Pairwise comparison means comparing all pairs of something. If I have three items, A, B and C, that means comparing A to B, A to C, and B to C. Given n items, I can determine the number of possible pairs using the binomial coefficient: $$ \frac{n!}{2!(n - 2)!} = \binom {n}{2}$$ Using the R statistical computing environment, we can use the choose() function to quickly calculate this. For example, how many possible 2-item combinations can I "choose" from 10 items?


choose(10,2)


[1] 45

We sometimes want to make pairwise comparisons to see where differences occur. Let's say we go to 8 high schools in an area, survey 30 students at each school, and ask them whether or not they floss their teeth at least once a day. When finished we'll have 8 proportions of students who answered "Yes." An obvious first step would be to conduct a hypothesis test for any differences between these proportions. The null would be no difference between the proportions versus some difference. If we reject the null, we have evidence of differences. But where are the differences? This leads us to pairwise comparisons of proportions, where we make multiple comparisons. The outcome of these pairwise comparisons will hopefully tell us which schools have significantly different proportions of students flossing.

Making multiple comparisons leads to an increased chance of making a false discovery, i.e., rejecting a null hypothesis that should not have been rejected. When we run a hypothesis test, we always run a risk of finding something that isn't there. Think of flipping a fair coin 10 times and getting 9 or 10 heads (or 0 or 1 heads). That's improbable but not impossible. If it happened to us we may conclude the coin is unfair, but that would be the wrong conclusion if the coin truly was fair. It just so happened we were very unlucky to witness such an unusual event. As we said, the chance of this happening is low in a single trial, but we increase the chance of it happening by conducting multiple trials.

The probability of observing 0, 1, 9, or 10 heads when flipping a fair coin 10 times is about 0.02 which can be calculated in R as follows:


pbinom(q = 1, size = 10, prob = 0.5) * 2


[1] 0.02148438

Therefore the the probability of getting 2 - 8 heads is about 0.98:


1 - pbinom(q = 1, size = 10, prob = 0.5) * 2


[1] 0.9785156

The probability of getting 2 - 8 heads in 10 trials is 0.98 multiplied by itself 10 times:


(1 - pbinom(q = 1, size = 10, prob = 0.5) * 2)^10


[1] 0.8047809

Therefore the probability of getting 0, 1, 9, or 10 heads in 10 trials is now about 0.20:


1 - (1 - pbinom(q = 1, size = 10, prob = 0.5) * 2)^10


[1] 0.1952191

We can think of this as doing multiple hypothesis tests. Flip 10 coins 10 times each, get the proportion of heads for each coin, and use 10 one-sample proportion tests to statistically determine if the results we got are consistent with a fair coin. In other words, do we get any p-values less than, say, 0.05?
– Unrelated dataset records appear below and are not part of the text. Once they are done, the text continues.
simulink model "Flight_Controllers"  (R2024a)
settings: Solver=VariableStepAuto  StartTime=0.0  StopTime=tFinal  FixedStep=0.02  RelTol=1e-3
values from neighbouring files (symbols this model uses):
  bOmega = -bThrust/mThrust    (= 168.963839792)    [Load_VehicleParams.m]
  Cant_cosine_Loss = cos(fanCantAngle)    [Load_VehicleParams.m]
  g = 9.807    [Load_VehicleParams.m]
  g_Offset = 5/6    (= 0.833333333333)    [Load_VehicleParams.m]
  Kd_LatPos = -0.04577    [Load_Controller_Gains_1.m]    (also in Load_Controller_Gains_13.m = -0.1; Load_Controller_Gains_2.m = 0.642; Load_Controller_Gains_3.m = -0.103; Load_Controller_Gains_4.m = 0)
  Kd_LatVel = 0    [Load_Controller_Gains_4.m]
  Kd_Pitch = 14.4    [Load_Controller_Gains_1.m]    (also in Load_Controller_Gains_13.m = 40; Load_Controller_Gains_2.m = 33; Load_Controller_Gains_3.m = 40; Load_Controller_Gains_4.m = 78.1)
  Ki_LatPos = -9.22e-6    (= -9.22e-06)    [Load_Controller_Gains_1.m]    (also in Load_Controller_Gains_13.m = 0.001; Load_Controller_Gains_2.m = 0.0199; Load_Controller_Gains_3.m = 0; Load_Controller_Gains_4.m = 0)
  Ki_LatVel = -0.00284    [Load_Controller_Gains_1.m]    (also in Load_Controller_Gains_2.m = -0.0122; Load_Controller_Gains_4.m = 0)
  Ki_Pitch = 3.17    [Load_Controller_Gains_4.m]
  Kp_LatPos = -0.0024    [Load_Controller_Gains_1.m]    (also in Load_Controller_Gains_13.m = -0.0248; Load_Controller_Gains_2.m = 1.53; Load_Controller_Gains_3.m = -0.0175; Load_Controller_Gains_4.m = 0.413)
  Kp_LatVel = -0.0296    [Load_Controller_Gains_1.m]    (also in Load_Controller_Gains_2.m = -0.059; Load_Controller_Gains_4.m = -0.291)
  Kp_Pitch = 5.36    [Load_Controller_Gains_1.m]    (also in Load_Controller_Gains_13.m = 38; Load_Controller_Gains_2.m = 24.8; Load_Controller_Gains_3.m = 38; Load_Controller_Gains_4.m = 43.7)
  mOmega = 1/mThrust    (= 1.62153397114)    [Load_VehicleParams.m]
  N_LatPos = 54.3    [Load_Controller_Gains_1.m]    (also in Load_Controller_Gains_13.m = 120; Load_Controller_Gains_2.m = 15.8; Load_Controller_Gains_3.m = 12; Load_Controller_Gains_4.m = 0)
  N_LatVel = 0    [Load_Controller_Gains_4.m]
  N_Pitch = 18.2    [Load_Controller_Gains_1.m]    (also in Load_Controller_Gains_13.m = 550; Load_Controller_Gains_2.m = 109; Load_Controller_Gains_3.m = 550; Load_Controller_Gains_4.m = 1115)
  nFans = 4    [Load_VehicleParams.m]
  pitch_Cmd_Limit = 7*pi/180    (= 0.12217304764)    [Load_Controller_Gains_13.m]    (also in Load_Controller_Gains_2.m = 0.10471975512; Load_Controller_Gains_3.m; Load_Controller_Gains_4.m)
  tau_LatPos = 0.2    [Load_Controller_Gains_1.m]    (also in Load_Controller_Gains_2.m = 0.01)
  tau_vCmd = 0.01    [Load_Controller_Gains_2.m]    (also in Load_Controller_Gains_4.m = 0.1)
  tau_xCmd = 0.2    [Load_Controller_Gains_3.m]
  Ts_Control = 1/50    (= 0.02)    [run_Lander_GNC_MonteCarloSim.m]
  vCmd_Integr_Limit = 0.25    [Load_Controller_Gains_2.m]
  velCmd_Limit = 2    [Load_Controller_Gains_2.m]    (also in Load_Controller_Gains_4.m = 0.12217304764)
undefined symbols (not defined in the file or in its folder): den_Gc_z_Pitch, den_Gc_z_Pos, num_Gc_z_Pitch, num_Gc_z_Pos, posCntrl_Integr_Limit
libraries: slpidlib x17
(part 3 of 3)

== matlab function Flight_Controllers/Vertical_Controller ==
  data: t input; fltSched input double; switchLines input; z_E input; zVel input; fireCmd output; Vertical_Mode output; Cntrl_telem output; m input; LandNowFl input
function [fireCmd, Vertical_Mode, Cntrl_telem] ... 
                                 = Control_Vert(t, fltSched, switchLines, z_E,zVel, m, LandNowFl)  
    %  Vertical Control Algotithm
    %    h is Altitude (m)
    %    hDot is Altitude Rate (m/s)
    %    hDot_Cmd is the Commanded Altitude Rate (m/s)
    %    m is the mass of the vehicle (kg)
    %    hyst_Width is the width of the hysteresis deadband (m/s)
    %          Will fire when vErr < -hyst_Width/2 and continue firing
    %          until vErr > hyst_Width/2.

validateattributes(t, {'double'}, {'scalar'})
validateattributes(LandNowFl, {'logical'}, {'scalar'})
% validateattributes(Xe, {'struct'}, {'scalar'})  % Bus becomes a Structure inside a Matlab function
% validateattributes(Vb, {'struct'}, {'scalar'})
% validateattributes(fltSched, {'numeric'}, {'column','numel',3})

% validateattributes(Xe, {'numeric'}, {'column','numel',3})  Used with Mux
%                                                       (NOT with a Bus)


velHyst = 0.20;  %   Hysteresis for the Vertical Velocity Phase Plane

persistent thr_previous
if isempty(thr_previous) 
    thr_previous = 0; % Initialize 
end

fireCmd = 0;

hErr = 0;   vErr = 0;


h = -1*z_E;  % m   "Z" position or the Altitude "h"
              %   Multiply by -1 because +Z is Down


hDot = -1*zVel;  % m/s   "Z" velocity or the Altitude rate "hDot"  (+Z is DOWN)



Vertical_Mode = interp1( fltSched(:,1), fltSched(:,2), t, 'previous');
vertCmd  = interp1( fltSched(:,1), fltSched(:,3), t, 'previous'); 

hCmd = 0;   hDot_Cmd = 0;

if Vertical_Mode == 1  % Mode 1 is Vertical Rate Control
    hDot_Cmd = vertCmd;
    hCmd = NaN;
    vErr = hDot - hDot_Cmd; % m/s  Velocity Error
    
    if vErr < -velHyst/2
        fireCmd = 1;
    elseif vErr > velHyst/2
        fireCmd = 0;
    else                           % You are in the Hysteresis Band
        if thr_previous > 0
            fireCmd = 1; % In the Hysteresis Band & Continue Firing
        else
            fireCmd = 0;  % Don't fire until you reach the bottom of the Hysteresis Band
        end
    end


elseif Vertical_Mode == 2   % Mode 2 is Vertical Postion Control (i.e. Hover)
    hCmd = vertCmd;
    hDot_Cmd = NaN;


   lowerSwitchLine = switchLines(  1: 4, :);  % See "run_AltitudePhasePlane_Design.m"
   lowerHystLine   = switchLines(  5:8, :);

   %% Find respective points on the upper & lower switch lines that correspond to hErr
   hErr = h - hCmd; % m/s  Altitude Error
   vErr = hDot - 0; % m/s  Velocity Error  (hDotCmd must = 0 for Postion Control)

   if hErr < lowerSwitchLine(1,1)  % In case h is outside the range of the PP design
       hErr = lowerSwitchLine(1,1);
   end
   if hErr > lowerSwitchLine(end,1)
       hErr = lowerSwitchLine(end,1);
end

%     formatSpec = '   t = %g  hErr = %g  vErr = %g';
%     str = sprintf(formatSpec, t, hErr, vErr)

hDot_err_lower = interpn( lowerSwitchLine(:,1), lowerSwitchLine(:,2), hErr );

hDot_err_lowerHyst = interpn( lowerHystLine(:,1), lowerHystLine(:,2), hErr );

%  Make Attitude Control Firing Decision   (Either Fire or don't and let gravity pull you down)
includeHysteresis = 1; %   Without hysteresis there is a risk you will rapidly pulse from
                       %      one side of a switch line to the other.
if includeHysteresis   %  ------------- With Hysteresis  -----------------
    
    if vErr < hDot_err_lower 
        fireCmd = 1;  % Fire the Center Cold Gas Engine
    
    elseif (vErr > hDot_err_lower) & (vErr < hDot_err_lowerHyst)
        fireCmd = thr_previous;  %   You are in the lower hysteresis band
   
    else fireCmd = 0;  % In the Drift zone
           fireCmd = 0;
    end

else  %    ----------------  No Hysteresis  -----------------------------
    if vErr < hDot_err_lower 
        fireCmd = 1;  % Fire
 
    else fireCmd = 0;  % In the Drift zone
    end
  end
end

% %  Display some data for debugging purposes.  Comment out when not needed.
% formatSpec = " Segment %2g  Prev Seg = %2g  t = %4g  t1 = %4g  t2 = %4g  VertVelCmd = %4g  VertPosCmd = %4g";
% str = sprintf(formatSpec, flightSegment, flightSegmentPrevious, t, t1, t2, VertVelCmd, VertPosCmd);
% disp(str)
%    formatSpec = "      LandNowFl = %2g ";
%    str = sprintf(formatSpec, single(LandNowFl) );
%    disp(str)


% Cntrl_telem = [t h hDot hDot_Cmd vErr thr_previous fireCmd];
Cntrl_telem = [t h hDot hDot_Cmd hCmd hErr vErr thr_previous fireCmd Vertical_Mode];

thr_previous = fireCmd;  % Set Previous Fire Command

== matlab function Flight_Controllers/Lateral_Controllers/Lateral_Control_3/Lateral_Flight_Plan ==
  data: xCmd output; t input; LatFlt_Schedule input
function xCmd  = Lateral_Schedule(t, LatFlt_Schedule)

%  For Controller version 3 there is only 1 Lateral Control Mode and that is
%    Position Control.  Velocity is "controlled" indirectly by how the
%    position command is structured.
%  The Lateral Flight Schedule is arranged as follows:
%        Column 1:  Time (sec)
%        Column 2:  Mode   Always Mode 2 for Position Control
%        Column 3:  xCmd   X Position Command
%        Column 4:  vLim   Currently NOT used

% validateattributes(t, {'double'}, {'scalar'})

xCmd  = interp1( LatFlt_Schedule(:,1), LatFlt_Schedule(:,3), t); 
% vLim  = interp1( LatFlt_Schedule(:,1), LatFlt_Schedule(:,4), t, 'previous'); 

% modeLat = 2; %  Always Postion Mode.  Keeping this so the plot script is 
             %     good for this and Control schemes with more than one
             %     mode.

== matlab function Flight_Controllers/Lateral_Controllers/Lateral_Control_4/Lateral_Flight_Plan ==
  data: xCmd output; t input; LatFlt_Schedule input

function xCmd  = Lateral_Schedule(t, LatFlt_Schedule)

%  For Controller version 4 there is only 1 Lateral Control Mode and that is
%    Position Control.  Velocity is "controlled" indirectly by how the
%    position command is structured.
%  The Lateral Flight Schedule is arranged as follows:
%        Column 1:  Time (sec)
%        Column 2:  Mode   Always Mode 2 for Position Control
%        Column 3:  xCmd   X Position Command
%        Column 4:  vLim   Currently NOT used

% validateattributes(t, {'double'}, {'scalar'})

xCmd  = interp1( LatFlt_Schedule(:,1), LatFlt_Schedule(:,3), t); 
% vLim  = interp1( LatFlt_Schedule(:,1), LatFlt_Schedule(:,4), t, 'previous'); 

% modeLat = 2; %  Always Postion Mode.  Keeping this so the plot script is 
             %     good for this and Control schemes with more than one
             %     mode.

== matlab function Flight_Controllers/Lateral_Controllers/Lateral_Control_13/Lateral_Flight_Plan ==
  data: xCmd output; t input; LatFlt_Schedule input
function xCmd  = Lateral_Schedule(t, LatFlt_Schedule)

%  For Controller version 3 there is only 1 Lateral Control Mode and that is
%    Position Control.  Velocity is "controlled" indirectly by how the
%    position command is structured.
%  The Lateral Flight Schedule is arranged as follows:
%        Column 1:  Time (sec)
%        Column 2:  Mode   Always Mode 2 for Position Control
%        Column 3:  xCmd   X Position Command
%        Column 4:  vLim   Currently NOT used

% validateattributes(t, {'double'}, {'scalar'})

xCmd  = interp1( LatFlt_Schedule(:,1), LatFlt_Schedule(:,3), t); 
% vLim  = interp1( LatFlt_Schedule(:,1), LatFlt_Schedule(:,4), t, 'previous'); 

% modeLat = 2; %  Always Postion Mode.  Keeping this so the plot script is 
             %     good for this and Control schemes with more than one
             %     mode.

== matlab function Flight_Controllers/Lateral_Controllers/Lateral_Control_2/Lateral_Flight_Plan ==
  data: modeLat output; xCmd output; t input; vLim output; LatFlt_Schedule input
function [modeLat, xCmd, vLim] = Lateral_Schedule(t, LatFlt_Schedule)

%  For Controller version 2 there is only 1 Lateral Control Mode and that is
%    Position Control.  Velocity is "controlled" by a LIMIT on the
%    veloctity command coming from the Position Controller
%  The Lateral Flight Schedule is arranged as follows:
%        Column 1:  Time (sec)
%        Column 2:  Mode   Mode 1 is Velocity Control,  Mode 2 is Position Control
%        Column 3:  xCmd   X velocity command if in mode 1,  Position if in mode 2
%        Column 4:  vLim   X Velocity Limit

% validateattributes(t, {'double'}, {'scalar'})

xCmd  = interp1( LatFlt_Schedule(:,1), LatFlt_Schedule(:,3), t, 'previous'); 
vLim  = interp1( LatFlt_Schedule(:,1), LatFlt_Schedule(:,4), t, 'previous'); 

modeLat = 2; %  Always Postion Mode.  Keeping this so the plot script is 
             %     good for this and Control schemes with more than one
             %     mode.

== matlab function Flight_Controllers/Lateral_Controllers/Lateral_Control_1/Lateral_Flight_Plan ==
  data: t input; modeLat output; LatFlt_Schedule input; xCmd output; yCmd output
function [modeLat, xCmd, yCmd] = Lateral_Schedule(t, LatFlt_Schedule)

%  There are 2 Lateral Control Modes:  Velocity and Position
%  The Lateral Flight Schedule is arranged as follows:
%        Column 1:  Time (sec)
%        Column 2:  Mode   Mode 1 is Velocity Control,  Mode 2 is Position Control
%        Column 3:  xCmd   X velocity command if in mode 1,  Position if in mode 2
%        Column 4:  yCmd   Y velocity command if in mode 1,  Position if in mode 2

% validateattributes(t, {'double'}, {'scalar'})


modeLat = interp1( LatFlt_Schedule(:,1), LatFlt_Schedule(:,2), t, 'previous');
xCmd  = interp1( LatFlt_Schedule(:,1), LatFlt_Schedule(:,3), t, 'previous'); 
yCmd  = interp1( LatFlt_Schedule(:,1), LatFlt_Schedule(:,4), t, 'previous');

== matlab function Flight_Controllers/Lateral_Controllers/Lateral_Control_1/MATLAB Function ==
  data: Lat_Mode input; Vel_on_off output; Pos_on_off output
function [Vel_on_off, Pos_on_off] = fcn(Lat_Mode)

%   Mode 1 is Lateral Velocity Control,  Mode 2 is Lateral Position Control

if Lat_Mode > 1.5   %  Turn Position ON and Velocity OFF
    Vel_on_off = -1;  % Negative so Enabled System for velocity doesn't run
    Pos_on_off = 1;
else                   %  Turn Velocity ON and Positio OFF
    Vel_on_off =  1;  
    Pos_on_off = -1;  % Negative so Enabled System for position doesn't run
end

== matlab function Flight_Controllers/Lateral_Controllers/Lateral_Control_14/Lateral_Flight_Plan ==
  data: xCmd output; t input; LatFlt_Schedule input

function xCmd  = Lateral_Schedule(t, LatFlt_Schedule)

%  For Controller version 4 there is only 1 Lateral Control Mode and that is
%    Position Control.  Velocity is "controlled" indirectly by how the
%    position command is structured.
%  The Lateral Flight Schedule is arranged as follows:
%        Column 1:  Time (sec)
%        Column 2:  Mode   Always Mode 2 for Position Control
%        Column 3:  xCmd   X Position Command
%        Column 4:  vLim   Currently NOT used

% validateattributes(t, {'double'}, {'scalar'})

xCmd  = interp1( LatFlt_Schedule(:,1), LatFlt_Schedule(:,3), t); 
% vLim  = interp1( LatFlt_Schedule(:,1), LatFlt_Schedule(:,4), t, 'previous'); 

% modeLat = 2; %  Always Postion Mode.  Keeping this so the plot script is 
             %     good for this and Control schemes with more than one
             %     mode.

We can simulate this in R. First we replicate 1,000 times the act of flipping 10 fair coins 10 times each and counting the number of heads using the rbinom() function. This produces a 10 x 1000 matrix of results that we save as coin.flips. We then apply a function to each column of the matrix that runs 10 one-sample proportion tests using the prop.test() function and saves a TRUE/FALSE value if any of the p-values are less than 0.05 (we talk more about the prop.test() function below). This returns a vector we save as results that contains TRUE or FALSE for each replicate. R treats TRUE and FALSE as 0 or 1, so calling mean() on results returns the proportion of TRUE values in the vector. We get about 0.20, confirming our calculations. (If you run the code below you'll probably get a slightly different but similar answer.)


trials <- 10
coin.flips <- replicate(1000, rbinom(n = 10, size = trials, prob = 0.5))

multHypTest <- function(x){
  pvs <- sapply(x, function(x)prop.test(x = x, n = trials, p = 0.5)$p.value)
  any(pvs < 0.05)
}

results <- apply(coin.flips,2,multHypTest)
mean(results)


[1] 0.206

That's just for 10 trials. What about 15 or 20 or more? You can re-run the code above with trials set to a different value. We can also visualize it by plotting the probability of an unusual result (0, 1, 9, or 10 heads) versus the number of trials. Notice how rapidly the probability of a false discovery increases with the number of trials.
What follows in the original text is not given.